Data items

────────────────

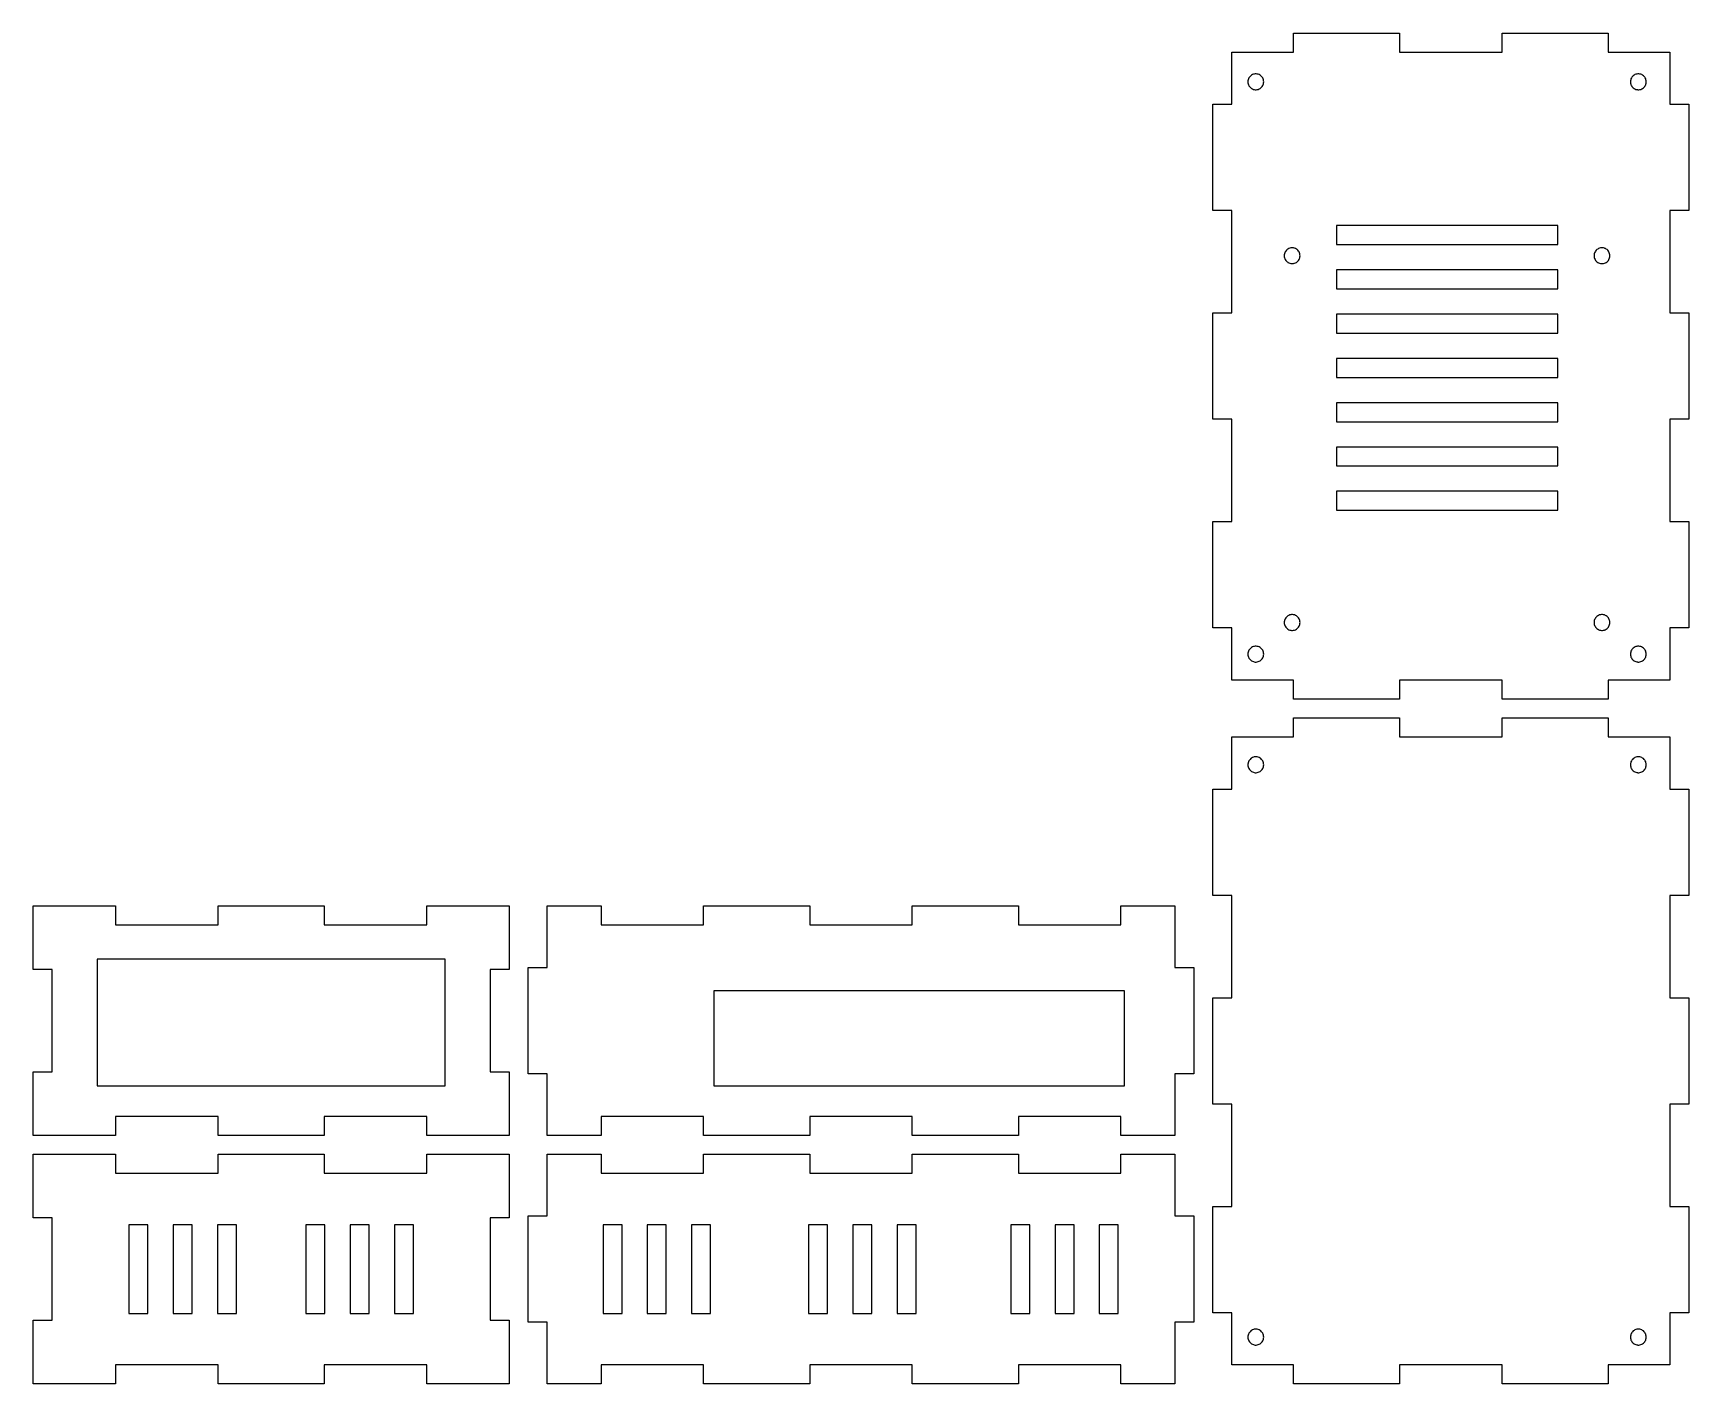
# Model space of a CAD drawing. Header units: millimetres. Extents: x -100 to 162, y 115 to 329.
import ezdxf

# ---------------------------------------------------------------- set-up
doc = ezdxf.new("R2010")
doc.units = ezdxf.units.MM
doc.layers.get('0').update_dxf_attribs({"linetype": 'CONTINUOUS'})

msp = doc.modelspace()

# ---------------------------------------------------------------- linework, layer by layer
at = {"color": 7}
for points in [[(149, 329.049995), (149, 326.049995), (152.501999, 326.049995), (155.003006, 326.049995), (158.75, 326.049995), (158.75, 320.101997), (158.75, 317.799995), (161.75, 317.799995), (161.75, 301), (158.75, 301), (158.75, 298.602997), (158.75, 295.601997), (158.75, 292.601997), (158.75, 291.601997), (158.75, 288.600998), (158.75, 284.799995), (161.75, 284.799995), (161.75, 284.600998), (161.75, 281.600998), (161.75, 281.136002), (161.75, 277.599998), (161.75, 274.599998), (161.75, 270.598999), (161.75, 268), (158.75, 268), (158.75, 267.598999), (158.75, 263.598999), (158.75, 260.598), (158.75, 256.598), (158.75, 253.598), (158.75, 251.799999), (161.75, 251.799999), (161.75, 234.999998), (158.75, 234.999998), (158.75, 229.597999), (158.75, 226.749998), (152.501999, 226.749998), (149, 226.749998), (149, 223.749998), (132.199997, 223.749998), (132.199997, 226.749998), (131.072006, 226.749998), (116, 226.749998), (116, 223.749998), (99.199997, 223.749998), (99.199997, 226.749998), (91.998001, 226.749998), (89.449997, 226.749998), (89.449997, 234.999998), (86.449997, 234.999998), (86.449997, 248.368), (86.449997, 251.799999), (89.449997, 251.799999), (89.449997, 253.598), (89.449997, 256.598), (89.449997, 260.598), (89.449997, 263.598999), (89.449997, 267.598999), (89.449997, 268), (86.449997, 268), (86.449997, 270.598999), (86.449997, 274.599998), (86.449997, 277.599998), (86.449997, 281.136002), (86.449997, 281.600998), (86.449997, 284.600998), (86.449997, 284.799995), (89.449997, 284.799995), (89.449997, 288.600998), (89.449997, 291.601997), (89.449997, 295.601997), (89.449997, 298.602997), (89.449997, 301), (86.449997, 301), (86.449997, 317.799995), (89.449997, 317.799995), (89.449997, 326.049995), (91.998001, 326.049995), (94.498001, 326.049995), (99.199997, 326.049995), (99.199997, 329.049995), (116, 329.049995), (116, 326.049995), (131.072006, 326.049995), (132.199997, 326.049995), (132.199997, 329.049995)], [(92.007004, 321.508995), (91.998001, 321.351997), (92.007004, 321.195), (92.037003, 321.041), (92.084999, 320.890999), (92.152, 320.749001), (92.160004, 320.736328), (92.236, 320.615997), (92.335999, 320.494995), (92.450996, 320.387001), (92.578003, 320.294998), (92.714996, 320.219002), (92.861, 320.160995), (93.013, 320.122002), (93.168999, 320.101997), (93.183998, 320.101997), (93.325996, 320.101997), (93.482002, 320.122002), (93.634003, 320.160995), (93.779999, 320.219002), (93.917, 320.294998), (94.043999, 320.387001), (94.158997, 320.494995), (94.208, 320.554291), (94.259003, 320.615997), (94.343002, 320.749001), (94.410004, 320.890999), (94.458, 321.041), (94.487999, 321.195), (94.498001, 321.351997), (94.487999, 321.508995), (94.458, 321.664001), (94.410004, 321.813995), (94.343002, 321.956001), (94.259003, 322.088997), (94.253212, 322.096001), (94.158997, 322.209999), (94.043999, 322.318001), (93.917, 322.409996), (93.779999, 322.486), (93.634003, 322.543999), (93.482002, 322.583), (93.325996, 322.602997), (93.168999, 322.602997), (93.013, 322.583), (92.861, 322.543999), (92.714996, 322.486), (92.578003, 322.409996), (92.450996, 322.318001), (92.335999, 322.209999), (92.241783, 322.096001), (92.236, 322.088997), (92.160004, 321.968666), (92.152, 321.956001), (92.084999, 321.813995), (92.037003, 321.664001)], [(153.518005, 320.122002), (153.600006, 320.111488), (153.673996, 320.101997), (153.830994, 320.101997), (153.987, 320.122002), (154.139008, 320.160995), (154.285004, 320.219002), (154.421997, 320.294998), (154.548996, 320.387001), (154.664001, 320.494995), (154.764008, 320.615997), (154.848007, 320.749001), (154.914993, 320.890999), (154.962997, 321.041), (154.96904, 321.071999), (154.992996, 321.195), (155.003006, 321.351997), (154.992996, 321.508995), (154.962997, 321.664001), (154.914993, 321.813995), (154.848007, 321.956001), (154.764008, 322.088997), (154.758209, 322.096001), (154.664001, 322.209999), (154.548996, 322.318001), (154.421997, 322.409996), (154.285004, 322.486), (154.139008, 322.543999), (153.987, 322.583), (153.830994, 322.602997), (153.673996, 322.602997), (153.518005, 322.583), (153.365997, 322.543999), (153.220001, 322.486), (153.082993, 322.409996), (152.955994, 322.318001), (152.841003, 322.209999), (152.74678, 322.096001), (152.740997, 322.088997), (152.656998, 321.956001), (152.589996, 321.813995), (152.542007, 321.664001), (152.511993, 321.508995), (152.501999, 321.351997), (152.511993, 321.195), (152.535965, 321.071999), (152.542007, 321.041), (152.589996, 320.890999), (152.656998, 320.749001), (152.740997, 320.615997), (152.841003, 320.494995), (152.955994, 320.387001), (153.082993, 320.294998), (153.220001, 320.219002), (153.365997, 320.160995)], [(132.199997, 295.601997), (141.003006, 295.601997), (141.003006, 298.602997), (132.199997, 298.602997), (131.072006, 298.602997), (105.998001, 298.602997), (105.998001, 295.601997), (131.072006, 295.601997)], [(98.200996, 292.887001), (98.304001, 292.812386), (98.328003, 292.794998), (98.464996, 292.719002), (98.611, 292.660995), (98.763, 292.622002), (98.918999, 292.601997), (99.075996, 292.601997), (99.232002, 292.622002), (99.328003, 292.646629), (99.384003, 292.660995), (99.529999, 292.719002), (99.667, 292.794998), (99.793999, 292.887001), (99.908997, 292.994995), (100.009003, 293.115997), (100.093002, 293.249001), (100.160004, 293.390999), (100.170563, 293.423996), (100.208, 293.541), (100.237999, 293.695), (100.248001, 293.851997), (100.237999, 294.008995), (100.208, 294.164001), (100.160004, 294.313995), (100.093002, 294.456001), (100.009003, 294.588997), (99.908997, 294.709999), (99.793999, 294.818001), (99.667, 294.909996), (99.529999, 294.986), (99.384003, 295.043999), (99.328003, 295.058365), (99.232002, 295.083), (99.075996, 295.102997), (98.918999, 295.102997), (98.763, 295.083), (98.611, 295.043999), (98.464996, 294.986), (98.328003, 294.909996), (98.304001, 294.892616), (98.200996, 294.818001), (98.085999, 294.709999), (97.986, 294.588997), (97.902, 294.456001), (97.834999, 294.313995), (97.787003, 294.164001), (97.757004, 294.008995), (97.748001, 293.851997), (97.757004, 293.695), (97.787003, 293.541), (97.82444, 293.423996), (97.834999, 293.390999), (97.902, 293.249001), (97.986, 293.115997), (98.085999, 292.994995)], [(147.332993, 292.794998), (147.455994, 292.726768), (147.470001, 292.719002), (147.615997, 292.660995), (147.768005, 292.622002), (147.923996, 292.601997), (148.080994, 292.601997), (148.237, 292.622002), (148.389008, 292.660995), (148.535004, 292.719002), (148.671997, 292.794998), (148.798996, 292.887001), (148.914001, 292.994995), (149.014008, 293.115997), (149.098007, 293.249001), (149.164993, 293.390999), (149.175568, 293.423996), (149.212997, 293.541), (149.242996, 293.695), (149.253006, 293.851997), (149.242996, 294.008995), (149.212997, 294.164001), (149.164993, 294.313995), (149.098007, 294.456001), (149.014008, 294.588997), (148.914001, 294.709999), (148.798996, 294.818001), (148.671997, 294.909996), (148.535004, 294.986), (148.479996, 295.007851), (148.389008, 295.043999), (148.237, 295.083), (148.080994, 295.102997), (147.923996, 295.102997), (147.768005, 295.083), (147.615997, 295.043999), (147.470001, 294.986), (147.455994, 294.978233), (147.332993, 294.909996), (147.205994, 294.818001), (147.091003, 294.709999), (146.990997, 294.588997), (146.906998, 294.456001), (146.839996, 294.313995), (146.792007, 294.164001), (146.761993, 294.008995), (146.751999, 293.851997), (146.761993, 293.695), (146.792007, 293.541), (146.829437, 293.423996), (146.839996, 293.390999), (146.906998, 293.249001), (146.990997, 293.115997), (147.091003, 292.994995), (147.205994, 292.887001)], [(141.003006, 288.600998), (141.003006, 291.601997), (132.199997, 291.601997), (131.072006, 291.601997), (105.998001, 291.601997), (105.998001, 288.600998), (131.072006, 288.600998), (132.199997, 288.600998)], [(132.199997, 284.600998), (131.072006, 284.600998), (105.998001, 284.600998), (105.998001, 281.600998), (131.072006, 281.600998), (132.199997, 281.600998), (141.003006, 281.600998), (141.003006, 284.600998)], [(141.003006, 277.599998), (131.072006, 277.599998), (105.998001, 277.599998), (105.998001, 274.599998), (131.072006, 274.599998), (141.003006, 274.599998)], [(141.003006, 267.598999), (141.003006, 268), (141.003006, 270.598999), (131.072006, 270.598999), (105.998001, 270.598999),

────────────────

• **WHAT TO WORK ON**
All that is required is the number of lines in the data above that contain the word "ezdxf".

• **RESPONSE**
3